Ninja error when installing PyTorch

Hello. I’m trying to install PyTorch v1.4.0 from source and am experiencing the following error:

[4070/4411] Building CXX object test_api/CMakeFiles/test_api.dir/modules.cpp.o
ninja: build stopped: subcommand failed.
Traceback (most recent call last):
  File "setup.py", line 743, in <module>
    build_deps()
  File "setup.py", line 316, in build_deps
    cmake=cmake)
  File "/home/seokwon/pytorch/tools/build_pytorch_libs.py", line 62, in build_caffe2
    cmake.build(my_env)
  File "/home/seokwon/pytorch/tools/setup_helpers/cmake.py", line 339, in build
    self.run(build_args, my_env)
  File "/home/seokwon/pytorch/tools/setup_helpers/cmake.py", line 141, in run
    check_call(command, cwd=self.build_dir, env=env)
  File "/home/seokwon/anaconda3/envs/seanconda/lib/python3.7/subprocess.py", line 363, in check_call
    raise CalledProcessError(retcode, cmd)
subprocess.CalledProcessError: Command '['cmake', '--build', '.', '--target', 'install', '--config', 'Release', '--', '-j', '20']' returned non-zero exit status 1.

I followed all of the steps accordingly specified in the GitHub README file and also made sure that CUDA version was appropriate. Does anybody know how to solve this issue? I’ve tried looking elsewhere online but was unsuccessful. Thanks in advance!

The error message is not very helpful. :confused:
Could you check, if you are running out of memory?

Sorry, but how do I check if I’m running out of memory?

Also on a side note, the server I’m using has two versions of CUDA installed: 9.0 and 10.1. In the /usr/local/ directory there are both cuda-10.1/ and cuda-9.0/, and the cuda file is pointing to /usr/local/cuda-9.0/ (I’m not sure if this is correct terminology). I’m trying to use CUDA 10.1, would this be the cause of the problem? If I install PyTorch using conda install pytorch torchvision cudatoolkit=10.1 -c pytorch then it install fine, but torch.cuda.is_available() returns False.

So I managed to solve my issue, but I haven’t been able to solve this error per se.

I wasn’t aware that the CUDA driver didn’t match CUDA. I assumed that my server administrator took care of it but perhaps there was an error in the process. Regardless, installing PyTorch with the method specified on PyTorch’s homepage now works.

Good to hear you figured out the (binary?) installation issue.

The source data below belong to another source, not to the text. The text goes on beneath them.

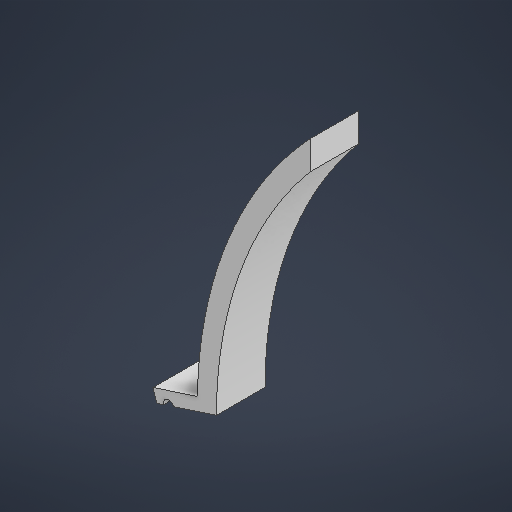
# Autodesk Inventor part: направление
Saved by Autodesk Inventor 2025 (Build 290162000, 162)
## iProperties
Created: 2025-11-04
Part Number: направление
Material: Типовые
Document SubType Name: Modeling
Designer: GameHD
Density: 1 g/cm^3
Appearance: По умолчанию
Author: GameHD
Autodesk Inventor part; units mm, degrees
ref_plane "YZ Plane" through (0, 0, 0) normal (1, 0, 0) x (0, 1, 0)
ref_plane "XZ Plane" through (0, 0, 0) normal (0, 1, 0) x (-1, 0, 0)
ref_plane "XY Plane" through (0, 0, 0) normal (0, 0, 1) x (1, 0, 0)
sketch "Эскиз1" plane through (0, 0, 0) normal (0, 0, 1) x (1, 0, 0)
  circle A0 centre (0, 0) radius 165
  circle A1 centre (0, 0) radius 172.834
  line L0 (-125, 0) -> (-126.5392, 117.7261)
  line L1 (-132.7592, 119.5177) -> (-197.8467, 76.6552)
  line L2 (-165, 0) -> (-153, 0) construction
  line L3 (-134.7038, 9.8338) -> (-172.765, -2.5204) projected
  line L4 (-165, 0) -> (-172.8154, -2.5368)
  point P0 (-172.834, 0)
  point P1 (-126.3868, 106.0725)
  point P2 (-123, 114.4334)
  point P3 (-172.8149, -2.5694)
  dimension "d0" = 330
  dimension "d1" = 345.668
  dimension "d2" = 40
  constraints: 8 end point, 4 point on circle, 2 coincident, 1 centre point, 1 collinear, 1 horizontal, 1 tangent, 3 other
  measures "d1" diameter of A1
  measures "d2" distance of L2.start L0.start
extrude "Выдавливание1" add sketch "Эскиз1" along normal blind 20 contours L3 L4 A1 L0 A0 picked at (-133.2989, 101.385)
sketch "Эскиз2" plane through (0, 0, 0) normal (0, 0, -1) x (-1, 0, 0)
  arc A0 (172.8154, -2.5368) -> (126.5392, 117.7261) centre (0, 0) ccw projected
  arc A1 (165, 0) -> (126.3868, 106.0725) centre (0, 0) ccw projected
  circle A2 centre (0, 0) radius 168.917
  line L0 (172.8154, -2.5368) -> (165, 0) projected
  circle A3 centre (184.6734, -6.3858) radius 2.1
  line L1 (178.0154, -4.2246) -> (172.8154, -2.5368)
  line L2 (160.1198, 6.946) -> (198.8648, -5.6302)
  line L3 (182.8662, -5.7992) -> (187.0032, 6.946)
  line L4 (178.0154, -4.2246) -> (198.192, -10.7737)
  line L5 (184.6734, -6.3858) -> (189.5243, -7.9603)
  line L6 (189.5243, -7.9603) -> (192.7095, 1.8528)
  point P0 (184.4408, -0.9483)
  point P1 (172.8109, 2.8266)
  point P2 (176.018, -3.5763)
  point P3 (182.676, -5.7374)
  point P4 (183.1424, -4.9484)
  point P5 (164.9119, 5.3905)
  point P6 (186.6708, -7.0341)
  point P7 (191.0988, -3.1094)
  dimension "d8" = 337.834
  dimension "d11" = 4.2
  dimension "d18" = 5.1
  constraints: 12 end point, 2 centre point, 2 perpendicular, 1 coincident, 1 collinear, 1 parallel, 1 point on line
  measures "d8" diameter of A2
  measures "d11" diameter of A3
  measures "d18" distance of L5.start L5.end
extrude "Выдавливание2" add sketch "Эскиз2" against normal up to surface (20 mm away) contours L0 A2 L2 A0 | A0 L2 L3 A3 L4 L1 | L0 A1 L2 A2 | L2 L6 L4 A3 L3 picked at (166.282, 2.7097)

However, that doesn’t solve the build from source failure.
Could you clean the build (python setup.py clean), update all submodules (git submodule update --init --recursive) and rebuild it?

While the build is running, you could use htop to observe the system RAM.

I made a new virtual environment and did as you suggested, but it doesn’t seem like it’s a memory problem. There’s plenty of memory left even when the process is taking place.

Is it always throwing this error at the same step and did a clean build not solve anything?

It’s not always at the same time step (e.g. this time it stopped at [3804/4411]) but the error message is the same.

Do you see any other errors before this step in the log?
Since the build uses multiple workers, the actual error might be further up in the log.

I am facing the same issue when build PyTorch-1.4.0 from source.

Here is the building log: https://gist.github.com/YingleiZhang/fc98c94d493ac39506daacefa0298b38#file-gistfile1-txt-L11

I don’t have this problem when build 1.2.0. Any help is appreciated.

I got the same errors when installing pytorch from source for versions 1.6 and 1.7 on Ubuntu 18.04. I installed the nvidia drivers, cuda 10.2 and cudnn 8.0.3 for 2080ti gpus. I followed the instructions to install pytorch from source and still got the ninja error from above also at “random” points of the installation. I didn’t have these problems on my local machine with Ubuntu 20.04 with the same GPU and same versions. Any help is much appreciated.

The previous error was created by a potentially old version of GLIBCXX:

../../lib/libc10.so: error: undefined reference to 'std::thread::_State::~_State()', version 'GLIBCXX_3.4.22'
../../lib/libc10.so: error: undefined reference to 'typeinfo for std::thread::_State', version 'GLIBCXX_3.4.22'
../../lib/libc10.so: error: undefined reference to 'std::runtime_error::runtime_error(char const*)', version 'GLIBCXX_3.4.21'

Could you check the install log for errors?
Note that the installation might continue for some steps and the error might be shown in previous lines.